As part of the MD Anderson Cancer Center Lung Cancer Moon Shots program, PDXs harbouring EGFR G719A and EGFR L858R/E709K were generated and maintained in accordance with Good Animal Practices and with approval from MD Anderson Cancer Center Institutional Animal Care and Use Committee on protocol number PA140276 as previously described46. Surgical samples were rinsed with serum-free RPMI supplemented with 1% penicillin-streptomycin then implanted into the right flank of 5- to 6-week-old NSG female mice within 2 h of resection. Tumours were validated for EGFR mutations by DNA fingerprinting and quantitative PCR as described46. PDXs harbouring EGFR S768dupSVD were purchased from Jackson Laboratories (J100672). To propagate tumours, 5- to 6-week-old female NSG mice (NOD.Cg-Prkdcscid IL2rgtmWjl/Szj) were purchased from Jackson Laboratories (005557). Fragments of NSCLC tumours expressing EGFR S768dupSVD, G719A or L858R/E709K were implanted into 6- to 8-week-old female NSG mice. Once tumours reached 2,000 mm3, they were collected and re-implanted into the right flank of 6- to 8-week-old female NSG mice. Tumours were measured 3 times per week and were randomized into treatment groups when tumors reached a volume of 275–325 mm3 for the EGFR G719A and S768dupSVD models, and 150–175 mm3 for the L858R/E709K model. Treatment groups included vehicle control (0.5% methylcellulose, 0.05% Tween-80 in dH2O), 100 mg kg−1 erlotinib, 20 mg kg−1 afatinib, 2.5 mg kg−1 poziotinib, 5 mg kg−1 osimertinib, and 25 mg kg−1 osimertinib. During treatment, body weight and tumour volumes were measured three times per week, and mice received treatment five days per week (Monday to Friday). Dosing holidays were given if mouse body weight decreased by more than 10% or overall body weight dropped below 20 g. Maximum allowed tumour burden by approved IACUC protocol was a volume of 2,000 mm3. Mice were humanely euthanized if tumour sizes exceeded the maximum size.

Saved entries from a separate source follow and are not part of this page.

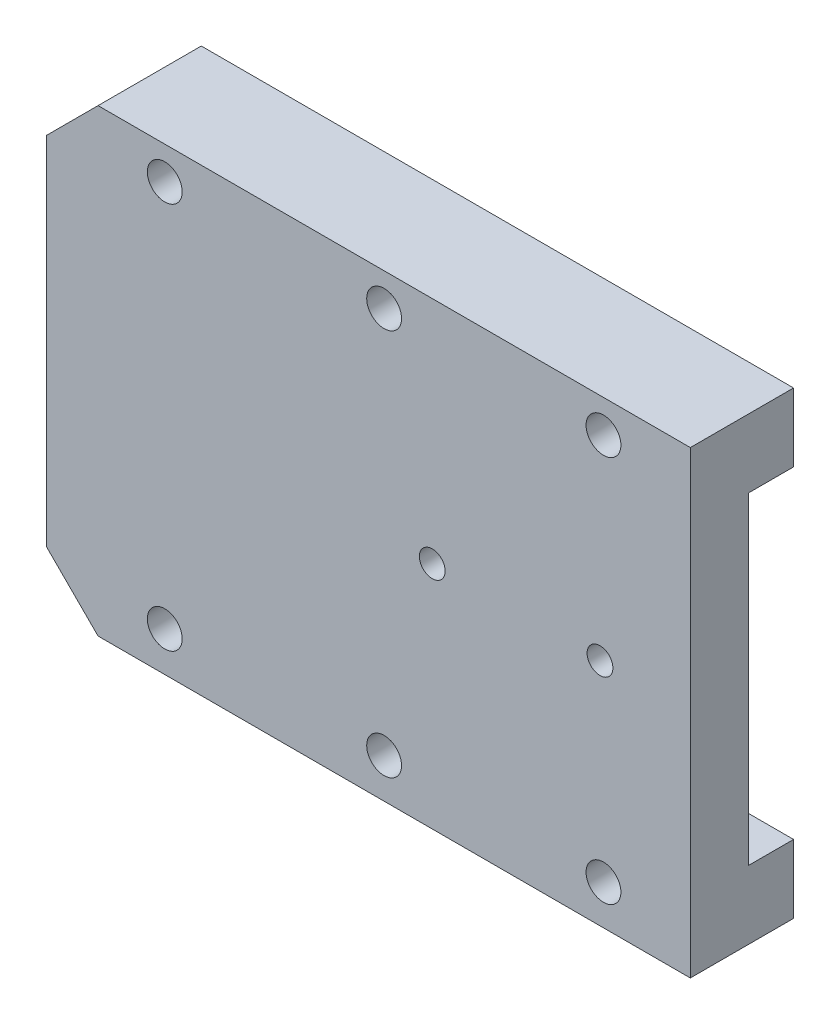
from build123d import *

# Parameters (mm, degrees)
SKETCH1_W           = 45
SKETCH1_H           = 35.6
BOSS_EXTRUDE1_DEPTH = 4
SKETCH2_R           = 1.35
CUT_EXTRUDE1_DEPTH  = 30.784056137
SKETCH3_W           = 4.9
SKETCH3_H           = 35.6
BOSS_EXTRUDE2_DEPTH = 8
CHAMFER1_SIZE       = 4
SKETCH5_W           = 3.5
SKETCH5_H           = 25
CUT_EXTRUDE2_DEPTH  = 54.130499715
SKETCH6_R           = 1
CUT_EXTRUDE4_DEPTH  = 34.639262774


with BuildPart() as part:
    # Sketch1 → Boss-Extrude1 (new, symmetric)
    with BuildSketch(Plane.XY):
        Rectangle(SKETCH1_W, SKETCH1_H)
    extrude(amount=BOSS_EXTRUDE1_DEPTH, both=True)

    # Sketch2 → Cut-Extrude1 (cut, through all)
    with BuildSketch(Plane(origin=(0, 0, -4), x_dir=(-1, 0, 0), z_dir=(0, 0, -1))):
        with Locations((-15.769384845, -14.732901147)):
            Circle(SKETCH2_R)
        with Locations((1.230615155, -14.732901147)):
            Circle(SKETCH2_R)
        with Locations((18.230615155, -14.732901147)):
            Circle(SKETCH2_R)
        with Locations((18.230615155, 15.267098853)):
            Circle(SKETCH2_R)
        with Locations((1.230615155, 15.267098853)):
            Circle(SKETCH2_R)
        with Locations((-15.769384845, 15.267098853)):
            Circle(SKETCH2_R)
    extrude(amount=-CUT_EXTRUDE1_DEPTH, mode=Mode.SUBTRACT)

    # Sketch3 → Boss-Extrude2 (add)
    with BuildSketch(Plane(origin=(0, 0, -4), x_dir=(-1, 0, 0), z_dir=(0, 0, -1))):
        with Locations((24.95, 0)):
            Rectangle(SKETCH3_W, SKETCH3_H)
    extrude(amount=-BOSS_EXTRUDE2_DEPTH)

    # Chamfer1
    chamfer1_edges = [part.edges().sort_by_distance(p)[0] for p in [
        (-27.4, 17.8, 0),
        (-27.4, -17.8, 0),
    ]]
    chamfer(chamfer1_edges, length=CHAMFER1_SIZE)

    # Sketch5 → Cut-Extrude2 (cut, through all)
    with BuildSketch(Plane.ZY.offset(27.4)):
        with Locations((-2.25, 0)):
            Rectangle(SKETCH5_W, SKETCH5_H)
    extrude(amount=-CUT_EXTRUDE2_DEPTH, mode=Mode.SUBTRACT)

    # Sketch6 → Cut-Extrude4 (cut, through all)
    with BuildSketch(Plane.XY.offset(4)):
        with Locations((2.5, 0)):
            Circle(SKETCH6_R)
        with Locations((15.5, 0)):
            Circle(SKETCH6_R)
    extrude(amount=-CUT_EXTRUDE4_DEPTH, mode=Mode.SUBTRACT)


solid = part.part
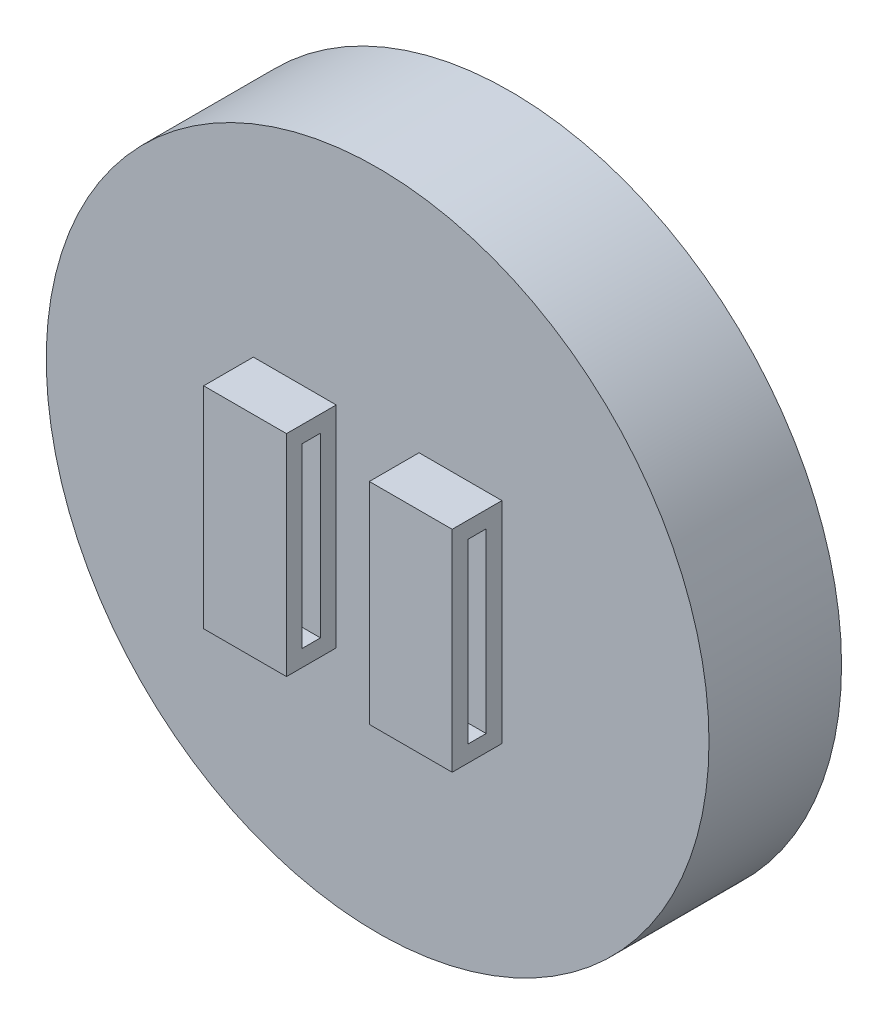
from build123d import *

# Parameters (mm, degrees)
SKETCH1_R           = 20
BOSS_EXTRUDE1_DEPTH = 8
SKETCH2_R           = 16
CUT_EXTRUDE1_DEPTH  = 6.35
SKETCH3_W           = 5
SKETCH3_H           = 6.35
BOSS_EXTRUDE2_DEPTH = 3
CUT_EXTRUDE2_DEPTH  = 177.8


with BuildPart() as part:
    # Sketch1 → Boss-Extrude1 (new body)
    with BuildSketch(Plane.XY):
        Circle(SKETCH1_R)
    extrude(amount=BOSS_EXTRUDE1_DEPTH)

    # Sketch2 → Cut-Extrude1 (cut)
    with BuildSketch(Plane(origin=(0, 0, 0), x_dir=(-1, 0, 0), z_dir=(0, 0, -1))):
        Circle(SKETCH2_R)
    extrude(amount=-CUT_EXTRUDE1_DEPTH, mode=Mode.SUBTRACT)

    # Sketch3 → Boss-Extrude2 (add)
    with BuildSketch(Plane.XY.offset(8)):
        with Locations((-5, -3.175)):
            Rectangle(SKETCH3_W, SKETCH3_H)
        with Locations((-5, 3.175)):
            Rectangle(SKETCH3_W, SKETCH3_H)
        with Locations((5, 3.175)):
            Rectangle(SKETCH3_W, SKETCH3_H)
        with Locations((5, -3.175)):
            Rectangle(SKETCH3_W, SKETCH3_H)
    extrude(amount=BOSS_EXTRUDE2_DEPTH)

    # Sketch6 → Cut-Extrude2 (cut)
    with BuildSketch(Plane.ZY.offset(7.5)):
        Polygon((10.05, -5.35), (10.05, -2.328333333), (8.95, 2.328333333), (8.95, -5.35), align=None)
        Polygon((8.95, 2.328333333), (10.05, -2.328333333), (10.05, 5.35), (8.95, 5.35), align=None)
    extrude(amount=-CUT_EXTRUDE2_DEPTH, mode=Mode.SUBTRACT)


solid = part.part
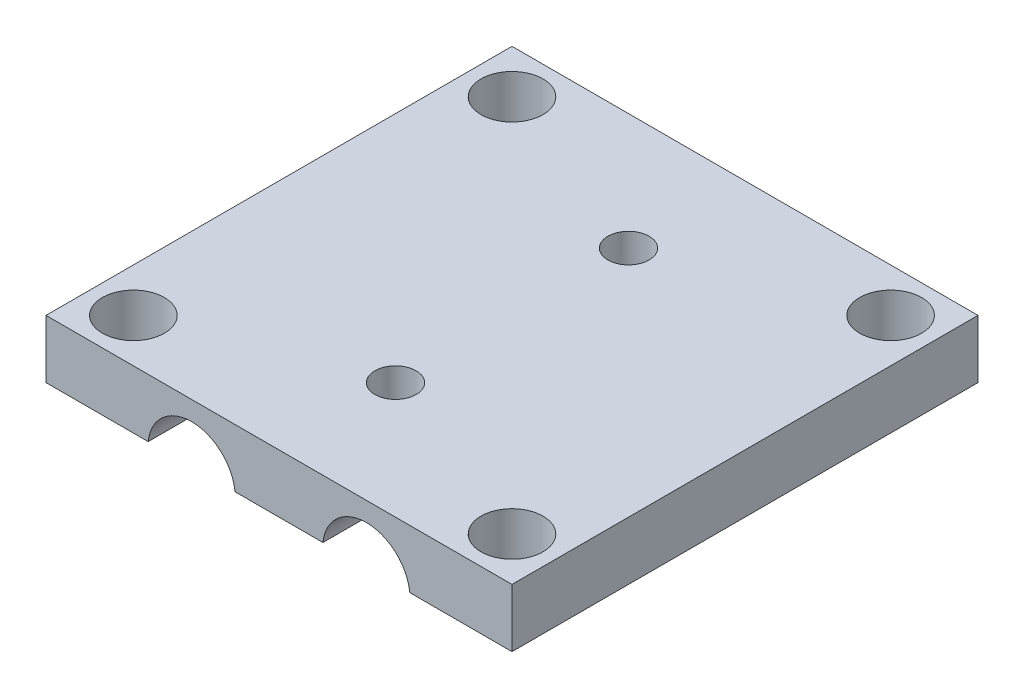
from build123d import *

# Parameters (mm, degrees)
SKETCH1_W               = 50.8
SKETCH1_H               = 50.8
BOSS_EXTRUDE1_DEPTH     = 6.35
SKETCH2_R               = 4.7625
CUT_EXTRUDE1_DEPTH      = 58.15
F_1_4_CLEARANCE_HOLE1_D = 6.7564
F_8_CLEARANCE_HOLE1_D   = 4.4958


with BuildPart() as part:
    # Sketch1 → Boss-Extrude1 (new body)
    with BuildSketch(Plane(origin=(0, 0, 0), x_dir=(1, 0, 0), z_dir=(0, 1, 0))):
        Rectangle(SKETCH1_W, SKETCH1_H)
    extrude(amount=BOSS_EXTRUDE1_DEPTH)

    # Sketch2 → Cut-Extrude1 (cut, through all)
    with BuildSketch(Plane.XY.offset(25.4)):
        with Locations((-9.525, -0.508)):
            Circle(SKETCH2_R)
        with Locations((9.525, -0.508)):
            Circle(SKETCH2_R)
    extrude(amount=-CUT_EXTRUDE1_DEPTH, mode=Mode.SUBTRACT)

    # 1/4 Clearance Hole1 (through all)
    with Locations(Plane(origin=(0, 6.35, 0), x_dir=(1, 0, 0), z_dir=(0, 1, 0))):
        with Locations((-20.6375, -20.6375), (-20.6375, 20.6375), (20.6375, 20.6375), (20.6375, -20.6375)):
            Hole(F_1_4_CLEARANCE_HOLE1_D / 2)

    # #8 Clearance Hole1 (through all)
    with Locations(Plane(origin=(0, 6.35, 0), x_dir=(1, 0, 0), z_dir=(0, 1, 0))):
        with Locations((0, 12.7), (0, -12.7)):
            Hole(F_8_CLEARANCE_HOLE1_D / 2)


solid = part.part
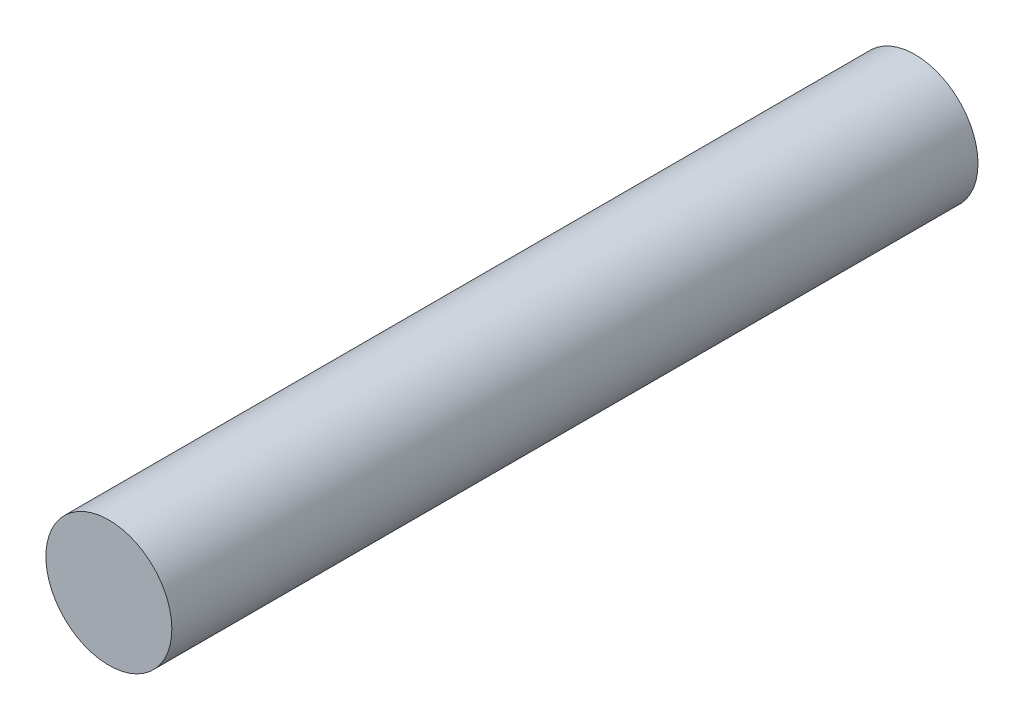
from build123d import *

# Parameters (mm, degrees)
SKETCH1_R           = 2.5
BOSS_EXTRUDE1_DEPTH = 32


with BuildPart() as part:
    # Sketch1 → Boss-Extrude1 (new body)
    with BuildSketch(Plane.XY):
        Circle(SKETCH1_R)
    extrude(amount=BOSS_EXTRUDE1_DEPTH)


solid = part.part

Case studies of patients treated with second-generation TKIs

Patients were consented under the GEMINI protocol (PA13-0589) which was approved in accordance with the MD Anderson Institutional Review Board, or protocol MCC 19161, which was formally reviewed and granted approval by Moffitt Cancer Center in accordance with the Declaration of Helsinki and the 21st Century Cures Act for retrospective analysis of patient outcomes and treatment course for case studies of patients presented. Both protocols include informed consent for publication of deidentified data.

Retrospective analysis of ORR and duration of treatment with afatinib

Response to afatinib and duration of afatinib treatment was tabulated from 803 patients in the Uncommon EGFR Database (www.uncommonegfrmutations.com). Objective response rate was reported in 529 patients. Patients were stratified by either structure–function-based groups or exon-based groups and ORR was determined by counting the number of patients reported to have complete response or partial response. Fisher’s exact test was used to determined statistical differences between subgroups (structure based or exon-based). Duration of treatment was provided in the Uncommon EGFR Database for 746 patients. Patients were stratified by structure–function-based groups and exon-based groups and median DOT was calculated using the Kaplan–Meier method. Statistical differences in Kaplan–Meier plots, HR and P values were generated using GraphPad Prism software and the Mantel–Cox log-rank method. When mutations were not explicitly stated (that is, exon 19 mutation) those patients were excluded from the structure–function-based analysis but included in the exon-based analysis.

Reporting summary

Further information on research design is available in the Nature Research Reporting Summary linked to this paper.